■ **PROBLEM DESCRIPTION**: Print out every line of the material exactly. Include no pictures.

■ **DATA FOR PROCESSING**:
# # #

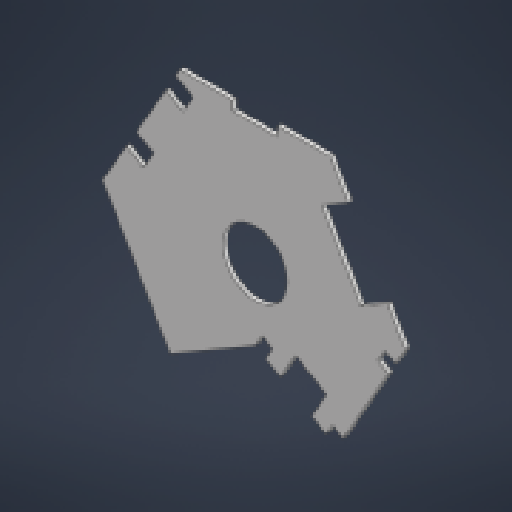
# Autodesk Inventor part: LilypadPCB
Saved by Autodesk Inventor 2023 (Build 270158000, 158)
## iProperties
Created: 2022-07-15
Part Number: LilypadPCB
Material: Generic
Document SubType Name: Modeling
Designer: jevan
Density: 1 g/cm^3
Appearance: Default
Author: jevan
Autodesk Inventor part; units mm, degrees
ref_plane "YZ Plane" through (0, 0, 0) normal (1, 0, 0) x (0, 1, 0)
ref_plane "XZ Plane" through (0, 0, 0) normal (0, 1, 0) x (-1, 0, 0)
ref_plane "XY Plane" through (0, 0, 0) normal (0, 0, 1) x (1, 0, 0)
sketch "Sketch1" plane through (0, 0, 0) normal (0, 0, 1) x (1, 0, 0)
  line L0 (37.2391, 0) -> (18.6195, -32.25)
  line L1 (18.6195, -32.25) -> (-18.6195, -32.25)
  line L2 (-18.6195, -32.25) -> (-37.2391, 0)
  line L3 (-37.2391, 0) -> (-18.6195, 32.25)
  line L4 (-18.6195, 32.25) -> (18.6195, 32.25)
  line L5 (18.6195, 32.25) -> (37.2391, 0)
  line L6 (18.6195, -32.25) -> (20.2545, -29.4181)
  line L7 (20.2545, -29.4181) -> (0, -17.7241)
  line L8 (0, -17.7241) -> (-20.2545, -29.4181)
  line L9 (-20.2545, -29.4181) -> (-21.1206, -29.9181)
  line L10 (-21.1206, -29.9181) -> (-37.8164, -1)
  line L11 (-37.8164, -1) -> (-37.2391, 0)
  circle A0 centre (0, 0) radius 8
  line L12 (-37.8164, -1) -> (-31.9414, 9.1758)
  line L13 (-31.9414, 9.1758) -> (-27.6806, 6.7158)
  line L14 (-27.6806, 6.7158) -> (-25.1806, 11.0459)
  line L15 (-25.1806, 11.0459) -> (-29.4414, 13.5059)
  line L16 (-29.4414, 13.5059) -> (-22.1914, 26.0633)
  line L17 (-22.1914, 26.0633) -> (-17.9133, 23.5933)
  line L18 (-17.9133, 23.5933) -> (-15.4133, 27.9234)
  line L19 (-15.4133, 27.9234) -> (-19.6914, 30.3934)
  line L20 (0, 32.25) -> (5.55, 32.25)
  line L21 (0, 32.25) -> (-5.55, 32.25)
  line L22 (-5.55, 32.25) -> (-5.55, 29.94)
  line L23 (-5.55, 29.94) -> (5.55, 29.94)
  line L24 (5.55, 29.94) -> (5.55, 32.25)
  line L25 (27.9293, 16.125) -> (32.7793, 7.7246)
  line L26 (27.9293, 16.125) -> (23.0793, 24.5254)
  line L27 (23.0793, 24.5254) -> (16.4975, 20.7254)
  line L28 (16.4975, 20.7254) -> (26.1975, 3.9246)
  line L29 (26.1975, 3.9246) -> (32.7793, 7.7246)
  line L30 (37.2391, 0) -> (34.7641, -4.2868)
  line L31 (34.7641, -4.2868) -> (32.1227, -2.7618)
  line L32 (32.1227, -2.7618) -> (30.4227, -5.7063)
  line L33 (30.4227, -5.7063) -> (33.0641, -7.2313)
  line L34 (33.0641, -7.2313) -> (21.8141, -26.7169)
  line L35 (21.8141, -26.7169) -> (19.1641, -25.1869)
  line L36 (19.1641, -25.1869) -> (17.6045, -27.8881)
  line L37 (10.1273, -23.5711) -> (13.9984, -25.8061)
  line L38 (10.1273, -23.5711) -> (6.2561, -21.3361)
  line L39 (6.2561, -21.3361) -> (9.9861, -14.8756)
  line L40 (9.9861, -14.8756) -> (17.7284, -19.3456)
  line L41 (17.7284, -19.3456) -> (13.9984, -25.8061)
  line L42 (6.2561, -21.3361) -> (2.6015, -19.2261)
  line L43 (2.6015, -19.2261) -> (4.3015, -16.2816)
  line L44 (4.3015, -16.2816) -> (1.7, -14.7796)
  line L45 (1.7, -14.7796) -> (0, -17.7241)
  dimension "d0" = 64.5
  dimension "d1" = 3.27
  dimension "d2" = 1
  dimension "d3" = 16
  dimension "d4" = 11.75
  dimension "d5" = 4.92
  dimension "d6" = 5
  dimension "d7" = 14.5
  dimension "d8" = 4.94
  dimension "d9" = 5
  dimension "d10" = 5.55
  dimension "d11" = 5.55
  dimension "d12" = 2.31
  dimension "d13" = 9.7
  dimension "d14" = 9.7
  dimension "d15" = 7.6
  dimension "d16" = 4.95
  dimension "d17" = 3.05
  dimension "d18" = 3.4
  dimension "d19" = 22.5
  dimension "d21" = 3.06
  dimension "d22" = 4.47
  dimension "d23" = 4.47
  dimension "d24" = 7.46
  dimension "d25" = 4.22
  dimension "d26" = 3.4
  constraints: 92 end point, 25 perpendicular, 19 point on line, 3 midpoint, 2 coincident, 2 parallel, 1 centre point, 1 equal length, 1 horizontal, 13 other
  measures "d0" distance between parallel lines of L3 L0
  measures "d1" distance of L0.end L6.end
  measures "d2" distance of L8.end L9.end
  measures "d3" diameter of A0
  measures "d4" distance of L10.end L12.end
  measures "d5" distance of L12.end L13.end
  measures "d6" distance of L13.end L14.end
  measures "d7" distance of L15.end L16.end
  measures "d8" distance of L16.end L17.end
  measures "d9" distance of L17.end L18.end
  measures "d10" distance of L20.start L20.end
  measures "d11" distance of L20.start L21.end
  measures "d12" distance of L21.end L22.end
  measures "d13" distance of L25.start L25.end
  measures "d14" distance of L25.start L26.end
  measures "d15" distance of L26.end L27.end
  measures "d16" distance of L0.start L30.end
  measures "d17" distance of L30.end L31.end
  measures "d18" distance of L31.end L32.end
  measures "d19" distance of L33.end L34.end
  measures "d21" distance of L34.end L35.end
  measures "d22" distance of L37.start L37.end
  measures "d23" distance of L37.start L38.end
  measures "d24" distance of L38.end L39.end
  measures "d25" distance of L38.end L42.end
  measures "d26" distance of L42.end L43.end
extrude "Extrusion1" add sketch "Sketch1" along normal blind 1 contours L0 L31 L32 L33 L35 L36 L7 L41 L40 L39 L43 L44 L45 L8 L2 L3 L13 L14 L15 L17 L18 L19 L4 L22 L23 L24 L5 L27 L28 L29 | L9 L10 L11 L2
body "Solid1"

# # #

■ **COMPLETED EXERCISE**:
# Autodesk Inventor part: LilypadPCB
Saved by Autodesk Inventor 2023 (Build 270158000, 158)
## iProperties
Created: 2022-07-15
Part Number: LilypadPCB
Material: Generic
Document SubType Name: Modeling
Designer: jevan
Density: 1 g/cm^3
Appearance: Default
Author: jevan
Autodesk Inventor part; units mm, degrees
ref_plane "YZ Plane" through (0, 0, 0) normal (1, 0, 0) x (0, 1, 0)
ref_plane "XZ Plane" through (0, 0, 0) normal (0, 1, 0) x (-1, 0, 0)
ref_plane "XY Plane" through (0, 0, 0) normal (0, 0, 1) x (1, 0, 0)
sketch "Sketch1" plane through (0, 0, 0) normal (0, 0, 1) x (1, 0, 0)
  line L0 (37.2391, 0) -> (18.6195, -32.25)
  line L1 (18.6195, -32.25) -> (-18.6195, -32.25)
  line L2 (-18.6195, -32.25) -> (-37.2391, 0)
  line L3 (-37.2391, 0) -> (-18.6195, 32.25)
  line L4 (-18.6195, 32.25) -> (18.6195, 32.25)
  line L5 (18.6195, 32.25) -> (37.2391, 0)
  line L6 (18.6195, -32.25) -> (20.2545, -29.4181)
  line L7 (20.2545, -29.4181) -> (0, -17.7241)
  line L8 (0, -17.7241) -> (-20.2545, -29.4181)
  line L9 (-20.2545, -29.4181) -> (-21.1206, -29.9181)
  line L10 (-21.1206, -29.9181) -> (-37.8164, -1)
  line L11 (-37.8164, -1) -> (-37.2391, 0)
  circle A0 centre (0, 0) radius 8
  line L12 (-37.8164, -1) -> (-31.9414, 9.1758)
  line L13 (-31.9414, 9.1758) -> (-27.6806, 6.7158)
  line L14 (-27.6806, 6.7158) -> (-25.1806, 11.0459)
  line L15 (-25.1806, 11.0459) -> (-29.4414, 13.5059)
  line L16 (-29.4414, 13.5059) -> (-22.1914, 26.0633)
  line L17 (-22.1914, 26.0633) -> (-17.9133, 23.5933)
  line L18 (-17.9133, 23.5933) -> (-15.4133, 27.9234)
  line L19 (-15.4133, 27.9234) -> (-19.6914, 30.3934)
  line L20 (0, 32.25) -> (5.55, 32.25)
  line L21 (0, 32.25) -> (-5.55, 32.25)
  line L22 (-5.55, 32.25) -> (-5.55, 29.94)
  line L23 (-5.55, 29.94) -> (5.55, 29.94)
  line L24 (5.55, 29.94) -> (5.55, 32.25)
  line L25 (27.9293, 16.125) -> (32.7793, 7.7246)
  line L26 (27.9293, 16.125) -> (23.0793, 24.5254)
  line L27 (23.0793, 24.5254) -> (16.4975, 20.7254)
  line L28 (16.4975, 20.7254) -> (26.1975, 3.9246)
  line L29 (26.1975, 3.9246) -> (32.7793, 7.7246)
  line L30 (37.2391, 0) -> (34.7641, -4.2868)
  line L31 (34.7641, -4.2868) -> (32.1227, -2.7618)
  line L32 (32.1227, -2.7618) -> (30.4227, -5.7063)
  line L33 (30.4227, -5.7063) -> (33.0641, -7.2313)
  line L34 (33.0641, -7.2313) -> (21.8141, -26.7169)
  line L35 (21.8141, -26.7169) -> (19.1641, -25.1869)
  line L36 (19.1641, -25.1869) -> (17.6045, -27.8881)
  line L37 (10.1273, -23.5711) -> (13.9984, -25.8061)
  line L38 (10.1273, -23.5711) -> (6.2561, -21.3361)
  line L39 (6.2561, -21.3361) -> (9.9861, -14.8756)
  line L40 (9.9861, -14.8756) -> (17.7284, -19.3456)
  line L41 (17.7284, -19.3456) -> (13.9984, -25.8061)
  line L42 (6.2561, -21.3361) -> (2.6015, -19.2261)
  line L43 (2.6015, -19.2261) -> (4.3015, -16.2816)
  line L44 (4.3015, -16.2816) -> (1.7, -14.7796)
  line L45 (1.7, -14.7796) -> (0, -17.7241)
  dimension "d0" = 64.5
  dimension "d1" = 3.27
  dimension "d2" = 1
  dimension "d3" = 16
  dimension "d4" = 11.75
  dimension "d5" = 4.92
  dimension "d6" = 5
  dimension "d7" = 14.5
  dimension "d8" = 4.94
  dimension "d9" = 5
  dimension "d10" = 5.55
  dimension "d11" = 5.55
  dimension "d12" = 2.31
  dimension "d13" = 9.7
  dimension "d14" = 9.7
  dimension "d15" = 7.6
  dimension "d16" = 4.95
  dimension "d17" = 3.05
  dimension "d18" = 3.4
  dimension "d19" = 22.5
  dimension "d21" = 3.06
  dimension "d22" = 4.47
  dimension "d23" = 4.47
  dimension "d24" = 7.46
  dimension "d25" = 4.22
  dimension "d26" = 3.4
  constraints: 92 end point, 25 perpendicular, 19 point on line, 3 midpoint, 2 coincident, 2 parallel, 1 centre point, 1 equal length, 1 horizontal, 13 other
  measures "d0" distance between parallel lines of L3 L0
  measures "d1" distance of L0.end L6.end
  measures "d2" distance of L8.end L9.end
  measures "d3" diameter of A0
  measures "d4" distance of L10.end L12.end
  measures "d5" distance of L12.end L13.end
  measures "d6" distance of L13.end L14.end
  measures "d7" distance of L15.end L16.end
  measures "d8" distance of L16.end L17.end
  measures "d9" distance of L17.end L18.end
  measures "d10" distance of L20.start L20.end
  measures "d11" distance of L20.start L21.end
  measures "d12" distance of L21.end L22.end
  measures "d13" distance of L25.start L25.end
  measures "d14" distance of L25.start L26.end
  measures "d15" distance of L26.end L27.end
  measures "d16" distance of L0.start L30.end
  measures "d17" distance of L30.end L31.end
  measures "d18" distance of L31.end L32.end
  measures "d19" distance of L33.end L34.end
  measures "d21" distance of L34.end L35.end
  measures "d22" distance of L37.start L37.end
  measures "d23" distance of L37.start L38.end
  measures "d24" distance of L38.end L39.end
  measures "d25" distance of L38.end L42.end
  measures "d26" distance of L42.end L43.end
extrude "Extrusion1" add sketch "Sketch1" along normal blind 1 contours L0 L31 L32 L33 L35 L36 L7 L41 L40 L39 L43 L44 L45 L8 L2 L3 L13 L14 L15 L17 L18 L19 L4 L22 L23 L24 L5 L27 L28 L29 | L9 L10 L11 L2
body "Solid1"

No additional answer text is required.